Records drawn from a dataset
>>>

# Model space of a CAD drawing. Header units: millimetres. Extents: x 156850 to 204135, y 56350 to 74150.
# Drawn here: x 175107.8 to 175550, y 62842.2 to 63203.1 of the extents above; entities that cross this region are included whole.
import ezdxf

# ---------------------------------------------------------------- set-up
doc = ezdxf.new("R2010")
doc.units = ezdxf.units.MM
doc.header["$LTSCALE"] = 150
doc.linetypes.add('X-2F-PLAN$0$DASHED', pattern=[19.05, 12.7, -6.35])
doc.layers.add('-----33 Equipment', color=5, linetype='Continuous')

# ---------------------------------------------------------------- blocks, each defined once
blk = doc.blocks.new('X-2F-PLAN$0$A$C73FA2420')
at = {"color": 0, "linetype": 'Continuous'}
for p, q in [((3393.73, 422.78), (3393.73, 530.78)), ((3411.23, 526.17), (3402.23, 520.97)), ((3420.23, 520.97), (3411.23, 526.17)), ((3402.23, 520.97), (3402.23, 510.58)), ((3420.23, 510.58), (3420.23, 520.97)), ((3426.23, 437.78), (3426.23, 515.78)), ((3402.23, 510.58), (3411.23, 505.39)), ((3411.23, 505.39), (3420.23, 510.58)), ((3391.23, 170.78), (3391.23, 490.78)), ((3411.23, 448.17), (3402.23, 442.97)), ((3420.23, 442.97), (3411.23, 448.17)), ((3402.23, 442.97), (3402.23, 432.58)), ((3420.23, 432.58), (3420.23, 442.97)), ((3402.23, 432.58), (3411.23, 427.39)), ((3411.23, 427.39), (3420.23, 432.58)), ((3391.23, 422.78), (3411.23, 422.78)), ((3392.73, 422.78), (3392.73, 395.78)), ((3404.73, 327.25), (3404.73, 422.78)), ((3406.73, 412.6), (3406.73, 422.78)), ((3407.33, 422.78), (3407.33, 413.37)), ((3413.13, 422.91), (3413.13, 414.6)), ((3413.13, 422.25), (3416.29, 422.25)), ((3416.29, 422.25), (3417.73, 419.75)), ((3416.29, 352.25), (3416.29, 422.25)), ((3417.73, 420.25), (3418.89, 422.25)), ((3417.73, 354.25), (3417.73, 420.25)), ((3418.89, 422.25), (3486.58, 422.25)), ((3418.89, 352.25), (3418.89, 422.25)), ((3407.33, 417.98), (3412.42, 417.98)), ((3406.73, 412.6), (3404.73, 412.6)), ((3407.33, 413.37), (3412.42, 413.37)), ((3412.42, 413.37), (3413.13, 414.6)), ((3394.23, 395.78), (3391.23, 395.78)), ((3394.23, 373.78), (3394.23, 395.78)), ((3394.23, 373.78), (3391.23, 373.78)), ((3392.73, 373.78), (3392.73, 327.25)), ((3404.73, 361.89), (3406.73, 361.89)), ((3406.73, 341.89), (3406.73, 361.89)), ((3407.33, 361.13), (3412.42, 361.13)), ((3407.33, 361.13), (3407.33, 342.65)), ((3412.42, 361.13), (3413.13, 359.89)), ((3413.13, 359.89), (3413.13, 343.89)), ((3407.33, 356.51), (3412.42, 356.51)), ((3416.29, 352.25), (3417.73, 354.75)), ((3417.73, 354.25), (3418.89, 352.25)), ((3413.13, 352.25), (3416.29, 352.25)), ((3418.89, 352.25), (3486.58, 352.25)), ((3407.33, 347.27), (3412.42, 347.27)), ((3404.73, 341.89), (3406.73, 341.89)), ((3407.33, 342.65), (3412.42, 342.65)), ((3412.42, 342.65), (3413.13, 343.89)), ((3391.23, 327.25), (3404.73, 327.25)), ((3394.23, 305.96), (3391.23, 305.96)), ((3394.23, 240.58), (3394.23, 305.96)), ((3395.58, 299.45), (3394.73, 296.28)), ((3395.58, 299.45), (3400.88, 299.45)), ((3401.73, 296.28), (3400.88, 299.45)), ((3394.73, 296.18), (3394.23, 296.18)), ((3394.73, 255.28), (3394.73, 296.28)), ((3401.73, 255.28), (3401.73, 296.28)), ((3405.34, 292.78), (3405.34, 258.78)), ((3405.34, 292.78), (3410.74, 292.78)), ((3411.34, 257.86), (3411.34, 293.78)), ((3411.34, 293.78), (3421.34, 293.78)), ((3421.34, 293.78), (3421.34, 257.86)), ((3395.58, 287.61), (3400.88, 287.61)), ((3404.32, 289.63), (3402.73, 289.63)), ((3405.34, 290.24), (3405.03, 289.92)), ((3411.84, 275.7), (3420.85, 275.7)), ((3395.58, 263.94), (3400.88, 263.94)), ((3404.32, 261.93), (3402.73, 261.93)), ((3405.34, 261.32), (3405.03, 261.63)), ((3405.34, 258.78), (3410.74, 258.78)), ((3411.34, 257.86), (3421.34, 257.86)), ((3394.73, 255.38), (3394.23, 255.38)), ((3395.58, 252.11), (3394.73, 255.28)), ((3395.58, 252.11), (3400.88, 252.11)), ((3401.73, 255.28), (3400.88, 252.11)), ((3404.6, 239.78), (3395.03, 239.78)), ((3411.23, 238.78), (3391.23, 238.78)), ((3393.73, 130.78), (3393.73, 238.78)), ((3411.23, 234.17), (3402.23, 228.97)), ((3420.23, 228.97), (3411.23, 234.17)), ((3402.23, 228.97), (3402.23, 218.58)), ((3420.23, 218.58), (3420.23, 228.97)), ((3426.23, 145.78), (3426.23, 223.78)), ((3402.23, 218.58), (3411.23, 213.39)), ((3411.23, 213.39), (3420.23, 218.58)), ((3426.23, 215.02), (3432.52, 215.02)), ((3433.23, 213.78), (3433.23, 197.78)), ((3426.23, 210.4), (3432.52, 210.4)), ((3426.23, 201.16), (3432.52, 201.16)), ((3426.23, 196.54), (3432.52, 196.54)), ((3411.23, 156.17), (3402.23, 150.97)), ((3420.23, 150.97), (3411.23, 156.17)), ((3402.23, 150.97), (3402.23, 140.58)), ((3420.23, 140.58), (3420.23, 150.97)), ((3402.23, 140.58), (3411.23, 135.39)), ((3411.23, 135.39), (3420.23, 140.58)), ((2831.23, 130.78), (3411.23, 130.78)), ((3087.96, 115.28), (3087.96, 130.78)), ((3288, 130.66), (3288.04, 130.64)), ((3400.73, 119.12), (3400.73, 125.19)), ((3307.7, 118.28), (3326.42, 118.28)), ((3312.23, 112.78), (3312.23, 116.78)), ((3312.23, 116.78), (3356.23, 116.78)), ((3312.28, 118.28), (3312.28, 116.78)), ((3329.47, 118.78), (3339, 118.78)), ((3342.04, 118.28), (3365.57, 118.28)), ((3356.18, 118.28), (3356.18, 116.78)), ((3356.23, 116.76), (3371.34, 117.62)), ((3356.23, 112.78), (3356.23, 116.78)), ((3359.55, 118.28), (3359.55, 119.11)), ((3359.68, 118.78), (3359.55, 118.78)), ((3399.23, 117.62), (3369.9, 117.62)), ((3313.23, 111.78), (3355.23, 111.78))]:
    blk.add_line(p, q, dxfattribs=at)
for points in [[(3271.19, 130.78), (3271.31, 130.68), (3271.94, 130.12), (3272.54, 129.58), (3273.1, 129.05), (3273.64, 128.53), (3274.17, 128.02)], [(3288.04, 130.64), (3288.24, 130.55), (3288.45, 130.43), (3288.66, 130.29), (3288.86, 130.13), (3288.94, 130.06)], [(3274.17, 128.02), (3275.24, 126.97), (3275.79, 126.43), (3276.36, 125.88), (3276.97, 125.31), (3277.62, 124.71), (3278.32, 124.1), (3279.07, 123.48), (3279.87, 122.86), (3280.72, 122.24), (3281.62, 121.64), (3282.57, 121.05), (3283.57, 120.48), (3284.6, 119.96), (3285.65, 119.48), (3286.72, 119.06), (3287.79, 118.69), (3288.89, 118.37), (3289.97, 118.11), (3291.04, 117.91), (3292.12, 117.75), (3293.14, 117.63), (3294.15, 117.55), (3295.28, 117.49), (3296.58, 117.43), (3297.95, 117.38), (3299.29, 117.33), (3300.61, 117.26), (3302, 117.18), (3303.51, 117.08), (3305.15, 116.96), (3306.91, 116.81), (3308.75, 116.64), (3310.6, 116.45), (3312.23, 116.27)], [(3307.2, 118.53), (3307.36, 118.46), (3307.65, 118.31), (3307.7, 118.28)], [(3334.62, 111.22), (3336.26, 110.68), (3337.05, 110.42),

<<<

EXERCISE REQUIREMENTS:
The required output is every line above that contains the string "Continuous".

EXERCISE RESPONSE:
doc.layers.add('-----33 Equipment', color=5, linetype='Continuous')
at = {"color": 0, "linetype": 'Continuous'}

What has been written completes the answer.